**Task to carry out**. Restate the entries word for word, leaving nothing out.

━━━ Extracted material

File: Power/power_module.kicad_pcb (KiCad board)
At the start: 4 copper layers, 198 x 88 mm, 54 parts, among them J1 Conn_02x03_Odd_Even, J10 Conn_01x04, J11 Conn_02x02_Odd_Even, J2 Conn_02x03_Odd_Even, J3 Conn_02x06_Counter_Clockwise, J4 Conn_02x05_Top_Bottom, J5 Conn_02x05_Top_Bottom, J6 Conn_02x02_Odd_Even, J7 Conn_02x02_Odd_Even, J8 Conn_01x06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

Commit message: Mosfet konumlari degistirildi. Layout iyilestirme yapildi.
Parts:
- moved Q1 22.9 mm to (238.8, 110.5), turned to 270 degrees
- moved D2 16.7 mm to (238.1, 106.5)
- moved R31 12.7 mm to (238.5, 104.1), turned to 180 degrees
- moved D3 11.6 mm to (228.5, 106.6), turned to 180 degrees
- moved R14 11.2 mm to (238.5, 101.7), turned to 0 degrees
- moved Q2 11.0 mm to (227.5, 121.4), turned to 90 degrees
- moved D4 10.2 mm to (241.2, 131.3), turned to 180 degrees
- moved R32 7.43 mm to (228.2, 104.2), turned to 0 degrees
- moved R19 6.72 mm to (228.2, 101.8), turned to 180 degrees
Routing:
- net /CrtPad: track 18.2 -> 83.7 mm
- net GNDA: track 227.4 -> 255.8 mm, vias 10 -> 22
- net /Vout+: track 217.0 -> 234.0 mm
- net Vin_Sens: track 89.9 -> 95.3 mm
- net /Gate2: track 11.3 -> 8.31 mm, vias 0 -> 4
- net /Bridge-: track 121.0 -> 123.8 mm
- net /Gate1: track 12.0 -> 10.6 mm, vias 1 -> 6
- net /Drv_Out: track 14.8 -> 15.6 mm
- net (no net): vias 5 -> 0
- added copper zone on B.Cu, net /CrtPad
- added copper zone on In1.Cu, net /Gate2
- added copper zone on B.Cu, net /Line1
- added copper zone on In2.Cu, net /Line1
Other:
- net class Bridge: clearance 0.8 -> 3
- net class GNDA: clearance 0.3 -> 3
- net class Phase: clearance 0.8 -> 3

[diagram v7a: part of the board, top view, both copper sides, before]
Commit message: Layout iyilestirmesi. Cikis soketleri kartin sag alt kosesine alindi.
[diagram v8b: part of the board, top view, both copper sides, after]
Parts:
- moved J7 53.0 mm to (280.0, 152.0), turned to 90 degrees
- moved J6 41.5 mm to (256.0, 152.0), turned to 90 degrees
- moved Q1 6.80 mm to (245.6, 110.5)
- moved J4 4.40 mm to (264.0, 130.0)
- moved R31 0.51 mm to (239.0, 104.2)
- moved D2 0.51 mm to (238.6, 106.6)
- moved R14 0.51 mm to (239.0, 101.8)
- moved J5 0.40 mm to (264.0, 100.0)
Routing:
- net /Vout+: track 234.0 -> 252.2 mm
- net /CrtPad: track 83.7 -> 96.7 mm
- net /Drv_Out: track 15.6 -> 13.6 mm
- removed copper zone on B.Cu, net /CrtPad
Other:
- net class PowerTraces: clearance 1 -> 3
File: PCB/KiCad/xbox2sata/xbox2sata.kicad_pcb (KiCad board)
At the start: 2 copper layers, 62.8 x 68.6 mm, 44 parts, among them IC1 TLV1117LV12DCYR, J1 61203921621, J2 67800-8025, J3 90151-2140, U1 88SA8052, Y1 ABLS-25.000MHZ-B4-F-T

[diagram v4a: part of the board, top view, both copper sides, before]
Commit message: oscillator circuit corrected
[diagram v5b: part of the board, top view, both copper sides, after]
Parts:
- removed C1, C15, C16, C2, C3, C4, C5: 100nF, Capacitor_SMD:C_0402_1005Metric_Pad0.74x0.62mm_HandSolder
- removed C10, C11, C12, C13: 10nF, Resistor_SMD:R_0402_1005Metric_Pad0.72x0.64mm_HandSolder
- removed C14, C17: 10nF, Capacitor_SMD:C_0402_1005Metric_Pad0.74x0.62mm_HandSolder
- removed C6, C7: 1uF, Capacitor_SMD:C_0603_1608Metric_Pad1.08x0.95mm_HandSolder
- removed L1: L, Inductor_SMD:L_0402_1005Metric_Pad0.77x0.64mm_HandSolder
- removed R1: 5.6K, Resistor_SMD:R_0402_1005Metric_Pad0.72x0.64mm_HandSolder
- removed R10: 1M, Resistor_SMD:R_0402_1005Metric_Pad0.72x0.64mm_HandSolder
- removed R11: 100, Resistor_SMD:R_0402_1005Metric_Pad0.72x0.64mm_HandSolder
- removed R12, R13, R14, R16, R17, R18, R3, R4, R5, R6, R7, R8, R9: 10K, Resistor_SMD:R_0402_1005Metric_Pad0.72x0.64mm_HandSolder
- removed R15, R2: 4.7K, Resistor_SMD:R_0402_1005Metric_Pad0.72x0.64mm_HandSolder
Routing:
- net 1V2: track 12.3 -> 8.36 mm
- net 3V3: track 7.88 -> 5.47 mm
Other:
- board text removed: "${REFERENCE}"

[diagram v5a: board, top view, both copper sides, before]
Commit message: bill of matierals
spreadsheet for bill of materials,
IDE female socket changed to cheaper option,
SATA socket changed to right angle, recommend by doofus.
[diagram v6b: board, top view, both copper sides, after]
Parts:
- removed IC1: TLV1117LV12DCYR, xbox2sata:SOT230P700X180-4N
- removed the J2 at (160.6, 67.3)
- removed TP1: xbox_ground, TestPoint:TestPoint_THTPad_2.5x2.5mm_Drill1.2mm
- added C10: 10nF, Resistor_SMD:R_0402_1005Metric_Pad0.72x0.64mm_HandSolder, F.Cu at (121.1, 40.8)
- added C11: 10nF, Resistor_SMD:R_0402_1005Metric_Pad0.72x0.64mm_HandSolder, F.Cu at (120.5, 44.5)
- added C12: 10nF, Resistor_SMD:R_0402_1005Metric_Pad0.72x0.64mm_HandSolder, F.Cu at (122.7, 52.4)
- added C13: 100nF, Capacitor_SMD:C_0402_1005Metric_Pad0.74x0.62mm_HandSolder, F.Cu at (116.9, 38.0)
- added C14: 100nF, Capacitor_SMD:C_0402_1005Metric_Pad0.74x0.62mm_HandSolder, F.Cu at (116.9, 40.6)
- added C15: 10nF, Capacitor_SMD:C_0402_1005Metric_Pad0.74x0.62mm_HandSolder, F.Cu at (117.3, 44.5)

━━━━━━

**Written solution**.
File: Power/power_module.kicad_pcb (KiCad board)
At the start: 4 copper layers, 198 x 88 mm, 54 parts, among them J1 Conn_02x03_Odd_Even, J10 Conn_01x04, J11 Conn_02x02_Odd_Even, J2 Conn_02x03_Odd_Even, J3 Conn_02x06_Counter_Clockwise, J4 Conn_02x05_Top_Bottom, J5 Conn_02x05_Top_Bottom, J6 Conn_02x02_Odd_Even, J7 Conn_02x02_Odd_Even, J8 Conn_01x06

Commit message: Mosfet konumlari degistirildi. Layout iyilestirme yapildi.
Parts:
- moved Q1 22.9 mm to (238.8, 110.5), turned to 270 degrees
- moved D2 16.7 mm to (238.1, 106.5)
- moved R31 12.7 mm to (238.5, 104.1), turned to 180 degrees
- moved D3 11.6 mm to (228.5, 106.6), turned to 180 degrees
- moved R14 11.2 mm to (238.5, 101.7), turned to 0 degrees
- moved Q2 11.0 mm to (227.5, 121.4), turned to 90 degrees
- moved D4 10.2 mm to (241.2, 131.3), turned to 180 degrees
- moved R32 7.43 mm to (228.2, 104.2), turned to 0 degrees
- moved R19 6.72 mm to (228.2, 101.8), turned to 180 degrees
Routing:
- net /CrtPad: track 18.2 -> 83.7 mm
- net GNDA: track 227.4 -> 255.8 mm, vias 10 -> 22
- net /Vout+: track 217.0 -> 234.0 mm
- net Vin_Sens: track 89.9 -> 95.3 mm
- net /Gate2: track 11.3 -> 8.31 mm, vias 0 -> 4
- net /Bridge-: track 121.0 -> 123.8 mm
- net /Gate1: track 12.0 -> 10.6 mm, vias 1 -> 6
- net /Drv_Out: track 14.8 -> 15.6 mm
- net (no net): vias 5 -> 0
- added copper zone on B.Cu, net /CrtPad
- added copper zone on In1.Cu, net /Gate2
- added copper zone on B.Cu, net /Line1
- added copper zone on In2.Cu, net /Line1
Other:
- net class Bridge: clearance 0.8 -> 3
- net class GNDA: clearance 0.3 -> 3
- net class Phase: clearance 0.8 -> 3

[diagram v7a: part of the board, top view, both copper sides, before]
Commit message: Layout iyilestirmesi. Cikis soketleri kartin sag alt kosesine alindi.
[diagram v8b: part of the board, top view, both copper sides, after]
Parts:
- moved J7 53.0 mm to (280.0, 152.0), turned to 90 degrees
- moved J6 41.5 mm to (256.0, 152.0), turned to 90 degrees
- moved Q1 6.80 mm to (245.6, 110.5)
- moved J4 4.40 mm to (264.0, 130.0)
- moved R31 0.51 mm to (239.0, 104.2)
- moved D2 0.51 mm to (238.6, 106.6)
- moved R14 0.51 mm to (239.0, 101.8)
- moved J5 0.40 mm to (264.0, 100.0)
Routing:
- net /Vout+: track 234.0 -> 252.2 mm
- net /CrtPad: track 83.7 -> 96.7 mm
- net /Drv_Out: track 15.6 -> 13.6 mm
- removed copper zone on B.Cu, net /CrtPad
Other:
- net class PowerTraces: clearance 1 -> 3
File: PCB/KiCad/xbox2sata/xbox2sata.kicad_pcb (KiCad board)
At the start: 2 copper layers, 62.8 x 68.6 mm, 44 parts, among them IC1 TLV1117LV12DCYR, J1 61203921621, J2 67800-8025, J3 90151-2140, U1 88SA8052, Y1 ABLS-25.000MHZ-B4-F-T

[diagram v4a: part of the board, top view, both copper sides, before]
Commit message: oscillator circuit corrected
[diagram v5b: part of the board, top view, both copper sides, after]
Parts:
- removed C1, C15, C16, C2, C3, C4, C5: 100nF, Capacitor_SMD:C_0402_1005Metric_Pad0.74x0.62mm_HandSolder
- removed C10, C11, C12, C13: 10nF, Resistor_SMD:R_0402_1005Metric_Pad0.72x0.64mm_HandSolder
- removed C14, C17: 10nF, Capacitor_SMD:C_0402_1005Metric_Pad0.74x0.62mm_HandSolder
- removed C6, C7: 1uF, Capacitor_SMD:C_0603_1608Metric_Pad1.08x0.95mm_HandSolder
- removed L1: L, Inductor_SMD:L_0402_1005Metric_Pad0.77x0.64mm_HandSolder
- removed R1: 5.6K, Resistor_SMD:R_0402_1005Metric_Pad0.72x0.64mm_HandSolder
- removed R10: 1M, Resistor_SMD:R_0402_1005Metric_Pad0.72x0.64mm_HandSolder
- removed R11: 100, Resistor_SMD:R_0402_1005Metric_Pad0.72x0.64mm_HandSolder
- removed R12, R13, R14, R16, R17, R18, R3, R4, R5, R6, R7, R8, R9: 10K, Resistor_SMD:R_0402_1005Metric_Pad0.72x0.64mm_HandSolder
- removed R15, R2: 4.7K, Resistor_SMD:R_0402_1005Metric_Pad0.72x0.64mm_HandSolder
Routing:
- net 1V2: track 12.3 -> 8.36 mm
- net 3V3: track 7.88 -> 5.47 mm
Other:
- board text removed: "${REFERENCE}"

[diagram v5a: board, top view, both copper sides, before]
Commit message: bill of matierals
spreadsheet for bill of materials,
IDE female socket changed to cheaper option,
SATA socket changed to right angle, recommend by doofus.
[diagram v6b: board, top view, both copper sides, after]
Parts:
- removed IC1: TLV1117LV12DCYR, xbox2sata:SOT230P700X180-4N
- removed the J2 at (160.6, 67.3)
- removed TP1: xbox_ground, TestPoint:TestPoint_THTPad_2.5x2.5mm_Drill1.2mm
- added C10: 10nF, Resistor_SMD:R_0402_1005Metric_Pad0.72x0.64mm_HandSolder, F.Cu at (121.1, 40.8)
- added C11: 10nF, Resistor_SMD:R_0402_1005Metric_Pad0.72x0.64mm_HandSolder, F.Cu at (120.5, 44.5)
- added C12: 10nF, Resistor_SMD:R_0402_1005Metric_Pad0.72x0.64mm_HandSolder, F.Cu at (122.7, 52.4)
- added C13: 100nF, Capacitor_SMD:C_0402_1005Metric_Pad0.74x0.62mm_HandSolder, F.Cu at (116.9, 38.0)
- added C14: 100nF, Capacitor_SMD:C_0402_1005Metric_Pad0.74x0.62mm_HandSolder, F.Cu at (116.9, 40.6)
- added C15: 10nF, Capacitor_SMD:C_0402_1005Metric_Pad0.74x0.62mm_HandSolder, F.Cu at (117.3, 44.5)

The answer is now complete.